**Brief**
Records follow. Select each line holding "YMax".

⟨

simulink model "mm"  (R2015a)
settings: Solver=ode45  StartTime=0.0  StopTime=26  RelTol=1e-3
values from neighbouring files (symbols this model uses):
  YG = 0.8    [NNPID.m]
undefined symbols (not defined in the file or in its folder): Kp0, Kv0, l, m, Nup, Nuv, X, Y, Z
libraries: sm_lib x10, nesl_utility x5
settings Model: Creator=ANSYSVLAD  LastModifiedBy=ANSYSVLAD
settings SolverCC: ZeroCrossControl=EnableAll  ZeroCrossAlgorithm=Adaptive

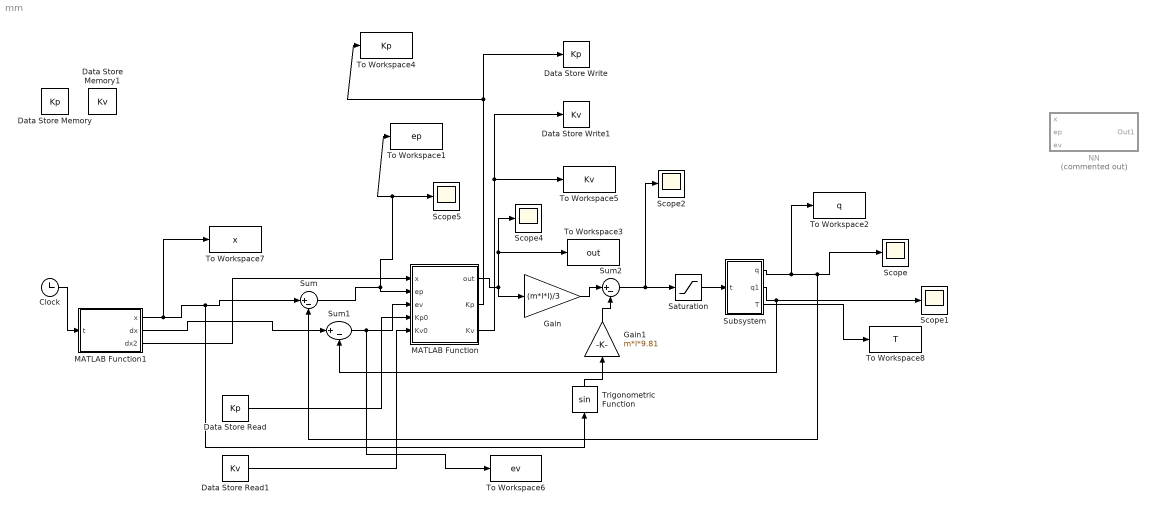
== system mm ==
  Clock : Clock
  Data Store Memory : DataStoreMemory  DataStoreName=Kp  ReadBeforeWriteMsg=warning  WriteAfterWriteMsg=warning  WriteAfterReadMsg=warning  InitialValue=2.5*10^4
  Data Store Memory1 : DataStoreMemory  DataStoreName=Kv  ReadBeforeWriteMsg=warning  WriteAfterWriteMsg=warning  WriteAfterReadMsg=warning  InitialValue=625
  Data Store Read : DataStoreRead  DataStoreName=Kp
  Data Store Read1 : DataStoreRead  DataStoreName=Kv
  Data Store Write : DataStoreWrite  DataStoreName=Kp
  Data Store Write1 : DataStoreWrite  DataStoreName=Kv
  Gain : Gain  Gain=(m*l*l)/3
  Gain1 : Gain  Gain=m*l*9.81
  MATLAB Function : MATLAB Function  TreatAsAtomicUnit=on
  MATLAB Function1 : MATLAB Function  TreatAsAtomicUnit=on
  NN : Subsystem  Commented=on
  Saturation : Saturate  UpperLimit=10  LowerLimit=-10
  Scope{,1..2,4..5} (5 alike) : Scope
      Scope settings: YMin=0.05  YMax=0.275
      Scope2 settings: YMin=0.0003  YMax=0.00105  SaveName=ScopeData2
      Scope4 settings: YMin=4.75  YMax=5.25  SaveName=ScopeData6
      Scope5 settings: YMin=0.00275  YMax=0.0033  SaveName=ScopeData7
  Subsystem : Subsystem
  Sum : Sum  Inputs=|+-
  Sum1 : Sum  Inputs=|+-
  Sum2 : Sum  Inputs=|+-
  To Workspace1 : ToWorkspace  VariableName=ep  SaveFormat=Timeseries  SampleTime=-1
  To Workspace2 : ToWorkspace  VariableName=q  SaveFormat=Timeseries  SampleTime=-1
  To Workspace3 : ToWorkspace  VariableName=out  SaveFormat=Timeseries  SampleTime=-1
  To Workspace4 : ToWorkspace  VariableName=Kp  SaveFormat=Timeseries  SampleTime=-1
  To Workspace5 : ToWorkspace  VariableName=Kv  SaveFormat=Timeseries  SampleTime=-1
  To Workspace6 : ToWorkspace  VariableName=ev  SaveFormat=Timeseries  SampleTime=-1
  To Workspace7 : ToWorkspace  VariableName=x  SaveFormat=Timeseries  SampleTime=-1
  To Workspace8 : ToWorkspace  VariableName=T  SaveFormat=Timeseries  SampleTime=-1
  Trigonometric Function : Trigonometry
  wires:
  MATLAB Function/1(out) -> To Workspace3/1, Scope4/1, Gain/1
  Gain/1 -> Sum2/1
  Sum1/1 -> To Workspace6/1, MATLAB Function/3(ev)
  Sum/1 -> MATLAB Function/2(ep), Scope5/1, To Workspace1/1
  Subsystem/2(q1) -> Sum1/2, Scope1/1
  Sum2/1 -> Saturation/1, Scope2/1
  Gain1/1 -> Sum2/2
  Trigonometric Function/1 -> Gain1/1
  MATLAB Function1/1(x) -> To Workspace7/1, Sum/1, Trigonometric Function/1
  Data Store Read/1 -> MATLAB Function/4(Kp0)
  Data Store Read1/1 -> MATLAB Function/5(Kv0)
  MATLAB Function/3(Kv) -> Data Store Write1/1, To Workspace5/1
  MATLAB Function/2(Kp) -> To Workspace4/1, Data Store Write/1
  Subsystem/1(q) -> To Workspace2/1, Sum/2, Scope/1
  Clock/1 -> MATLAB Function1/1(t)
  MATLAB Function1/3(dx2) -> MATLAB Function/1(x)
  MATLAB Function1/2(dx) -> Sum1/1
  Saturation/1 -> Subsystem/1(t)
  Subsystem/3(T) -> To Workspace8/1

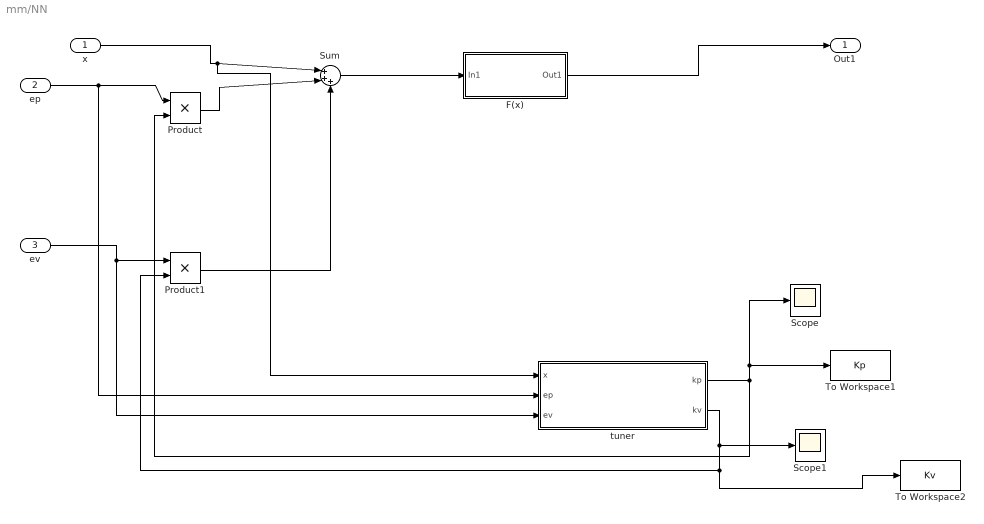
== system mm/NN ==
  x : Inport
  ep : Inport  Port=2
  ev : Inport  Port=3
  F(x) : Subsystem
  Product : Product
  Product1 : Product
  Scope : Scope
      settings: YMin=1e+06  YMax=5.5e+06  SaveName=ScopeData4
  Scope1 : Scope
      settings: YMin=1.03e+07  YMax=1.095e+07  SaveName=ScopeData5
  Sum : Sum  Inputs=|+++
  To Workspace1 : ToWorkspace  VariableName=Kp  SaveFormat=Timeseries  SampleTime=-1
  To Workspace2 : ToWorkspace  VariableName=Kv  SaveFormat=Timeseries  SampleTime=-1
  tuner : Subsystem
  Out1 : Outport
  wires:
  Sum/1 -> F(x)/1(In1)
  F(x)/1(Out1) -> Out1/1
  x/1 -> tuner/1(x), Sum/1
  ep/1 -> Product/1, tuner/2(ep)
  ev/1 -> Product1/1, tuner/3(ev)
  Product/1 -> Sum/2
  Product1/1 -> Sum/3
  tuner/1(kp) -> Scope/1, To Workspace1/1, Product/2
  tuner/2(kv) -> Scope1/1, To Workspace2/1, Product1/2

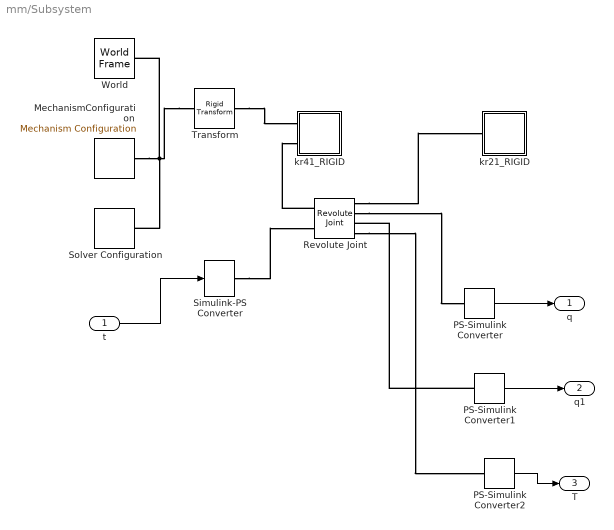
== system mm/Subsystem ==
  t : Inport
  MechanismConfiguration : sm_lib/Utilities/Mechanism Configuration  UniformGravity=Constant  GravityVector=[0 -9.81 0]  GravityUnits=m/s^2  LinearizationDelta=0.001  BlockFunction=simmechanics.library.utilities.mechanism_configuration
  PS-Simulink Converter : nesl_utility/PS-Simulink Converter  PhysicalDomain=network_engine_domain  SubClassName=ps_output  LeftPortType=input  RightPortType=output  PseudoPeriodic=off  Frequencies=[]  Unit=rad  AffineConversion=off
  PS-Simulink Converter1 : nesl_utility/PS-Simulink Converter  PhysicalDomain=network_engine_domain  SubClassName=ps_output  LeftPortType=input  RightPortType=output  PseudoPeriodic=off  Frequencies=[]  Unit=rad/s  AffineConversion=off
  PS-Simulink Converter2 : nesl_utility/PS-Simulink Converter  PhysicalDomain=network_engine_domain  SubClassName=ps_output  LeftPortType=input  RightPortType=output  PseudoPeriodic=off  Frequencies=[]  Unit=N*m  AffineConversion=off
  Revolute Joint : sm_lib/Joints/Revolute Joint  SenseConstraintForce=off  SenseConstraintForceX=off  SenseConstraintForceY=off  SenseConstraintForceZ=off  SenseConstraintTorque=off  SenseConstraintTorqueX=off  SenseConstraintTorqueY=off  SenseConstraintTorqueZ=off  SenseTotalForce=off  SenseTotalForceX=off  SenseTotalForceY=off  SenseTotalForceZ=off  SenseTotalTorque=off  SenseTotalTorqueX=off  SenseTotalTorqueY=off  SenseTotalTorqueZ=off  CompositeWrenchDir=FollowerOnBase  CompositeWrenchFrame=BaseFrame  EquilibriumPosition=0  EquilibriumPositionUnits=deg  SpringStiffness=0  SpringStiffnessUnits=N*m/deg  DampingCoefficient=0  DampingCoefficientUnits=N*m/(deg/s)  TorqueActuationMode=InputTorque  MotionActuationMode=ComputedMotion  SensePosition=on  SenseVelocity=on  SenseAcceleration=off  SenseTorqueForce=on  PositionTargetSpecify=off  PositionTargetPriority=High  PositionTargetValue=0  PositionTargetValueUnits=deg  VelocityTargetSpecify=off  VelocityTargetPriority=High  VelocityTargetValue=0  VelocityTargetValueUnits=deg/s  BlockFunction=simmechanics.library.joints.revolute_joint
  Simulink-PS Converter : nesl_utility/Simulink-PS Converter  PhysicalDomain=network_engine_domain  SubClassName=ps_input  LeftPortType=input  RightPortType=output  PseudoPeriodic=off  Frequencies=[]  NoiseDistribution=none  NoiseParameters=[]  Unit=N*m  AffineConversion=off  InputFiltering=on  SimscapeFilterOrder=1  InputFilterTimeConstant=0.001  UdotUserProvided=1
  Solver Configuration : nesl_utility/Solver Configuration  PhysicalDomain=network_engine_domain  SubClassName=solver  LeftPortType=input  RightPortType=generic  Accelerate=off  Tones=[]  Harmonics=[]  SimulateNoise=off  Profile=off  UseLocalSampling=off  EnableSwitchedLinearOptims=on  FrequencyDomain=off  UseCCode=off  RelTol=0.001  AbsTol=1e-06  MinStep=1e-09  ToWorkspace=off  RevertToSquareIcSolve=off  NumHomotopyIterations=100  DoDC=off  ResidualTolerance=1e-04  UseLocalSolver=off  LocalSolverChoice=NE_BACKWARD_EULER_ADVANCER  LocalSolverSampleTime=1e-6  DoFixedCost=off  MaxNonlinIter=7  MaxModeIter=2  LinearAlgebra=Sparse  DelaysMemoryBudget=1024  AutomaticFiltering=off  FilteringTimeConstant=0.00001
  Transform : sm_lib/Frames and Transforms/Rigid Transform  TranslationMethod=Cartesian  TranslationLengthUnit=mm  TranslationStandardAxis=+Z  TranslationStandardOffset=0  TranslationCartesianOffset=[-2.8703703553210151 -7.1296295233898714 -2.2204460492503131e-15]  TranslationROffset=0  TranslationROffsetUnits=m  TranslationZOffset=0  TranslationZOffsetUnits=m  TranslationThetaOffset=0  TranslationThetaOffsetUnits=deg  RotationMethod=None  RotationAngleUnits=deg  RotationStandardAxis=+Z  RotationAngle=0.0  RotationArbitraryAxis=[0 0 1]  FollAlignAxisA=+X  BaseAlignAxisA=+Y  FollAlignAxisB=+Y  BaseAlignAxisB=+Z  RotationMatrix=[1 0 0; 0 1 0; 0 0 1]  BlockFunction=simmechanics.library.frames_transforms.rigid_transform
  World : sm_lib/Frames and Transforms/World Frame  BlockFunction=simmechanics.library.frames_transforms.world_frame
  kr21_RIGID : Subsystem
  kr41_RIGID : Subsystem
  q : Outport
  q1 : Outport  Port=2
  T : Outport  Port=3
  wires:
  t/1 -> Simulink-PS Converter/1
  PS-Simulink Converter/1 -> q/1
  PS-Simulink Converter1/1 -> q1/1
  PS-Simulink Converter2/1 -> T/1
  connections:
  Transform/LConn1 -- MechanismConfiguration/RConn1 -- Solver Configuration/RConn1 -- World/RConn1
  Revolute Joint/RConn2 -- PS-Simulink Converter/LConn1
  Transform/RConn1 -- kr41_RIGID/LConn1
  Revolute Joint/LConn1 -- kr41_RIGID/LConn2
  Revolute Joint/RConn1 -- kr21_RIGID/LConn1
  PS-Simulink Converter1/LConn1 -- Revolute Joint/RConn3
  Revolute Joint/RConn4 -- PS-Simulink Converter2/LConn1
  Simulink-PS Converter/RConn1 -- Revolute Joint/LConn2

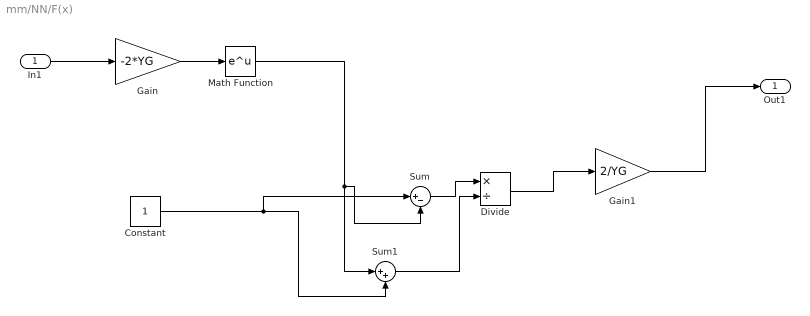
== system mm/NN/F(x) ==
  In1 : Inport
  Constant : Constant
  Divide : Product  Inputs=*/
  Gain : Gain  Gain=-2*YG
  Gain1 : Gain  Gain=2/YG
  Math Function : Math  SaturateOnIntegerOverflow=on
  Sum : Sum  Inputs=|+-
  Sum1 : Sum  Inputs=|++
  Out1 : Outport
  wires:
  In1/1 -> Gain/1
  Gain/1 -> Math Function/1
  Constant/1 -> Sum1/2, Sum/1
  Math Function/1 -> Sum1/1, Sum/2
  Sum/1 -> Divide/1
  Sum1/1 -> Divide/2
  Divide/1 -> Gain1/1
  Gain1/1 -> Out1/1

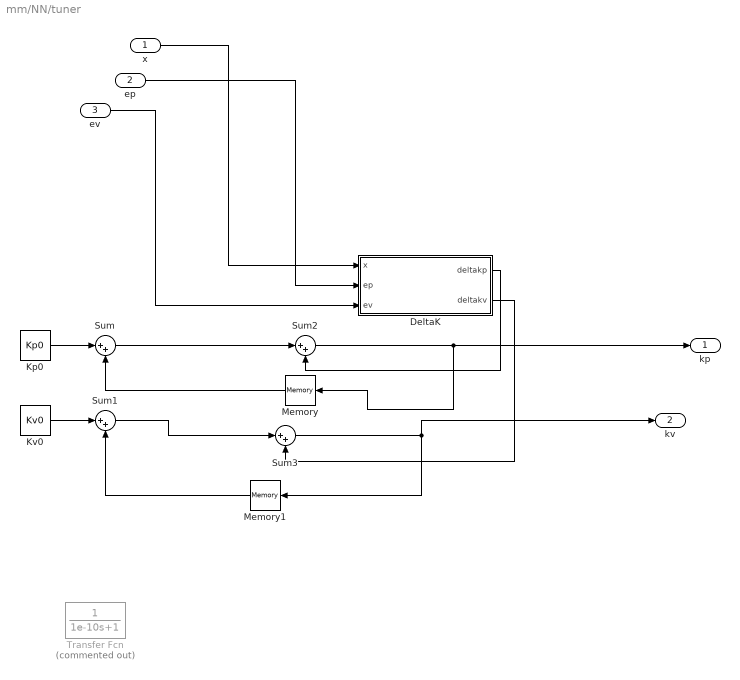
== system mm/NN/tuner ==
  x : Inport
  ep : Inport  Port=2
  ev : Inport  Port=3
  DeltaK : Subsystem
  Kp0 : Constant  Value=Kp0
  Kv0 : Constant  Value=Kv0
  Memory : Memory
  Memory1 : Memory
  Sum{,1..3} (4 alike) : Sum  Inputs=|++
  Transfer Fcn : TransferFcn  Commented=on  Denominator=[1e-10 1]
  kp : Outport
  kv : Outport  Port=2
  wires:
  x/1 -> DeltaK/1(x)
  ep/1 -> DeltaK/2(ep)
  ev/1 -> DeltaK/3(ev)
  Kv0/1 -> Sum1/1
  Kp0/1 -> Sum/1
  Sum/1 -> Sum2/1
  Sum1/1 -> Sum3/1
  Sum3/1 -> Memory1/1, kv/1
  Sum2/1 -> Memory/1, kp/1
  Memory/1 -> Sum/2
  Memory1/1 -> Sum1/2
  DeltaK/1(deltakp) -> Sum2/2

⟩

**Problem solution**
      Scope settings: YMin=0.05  YMax=0.275
      Scope2 settings: YMin=0.0003  YMax=0.00105  SaveName=ScopeData2
      Scope4 settings: YMin=4.75  YMax=5.25  SaveName=ScopeData6
      Scope5 settings: YMin=0.00275  YMax=0.0033  SaveName=ScopeData7
      settings: YMin=1e+06  YMax=5.5e+06  SaveName=ScopeData4
      settings: YMin=1.03e+07  YMax=1.095e+07  SaveName=ScopeData5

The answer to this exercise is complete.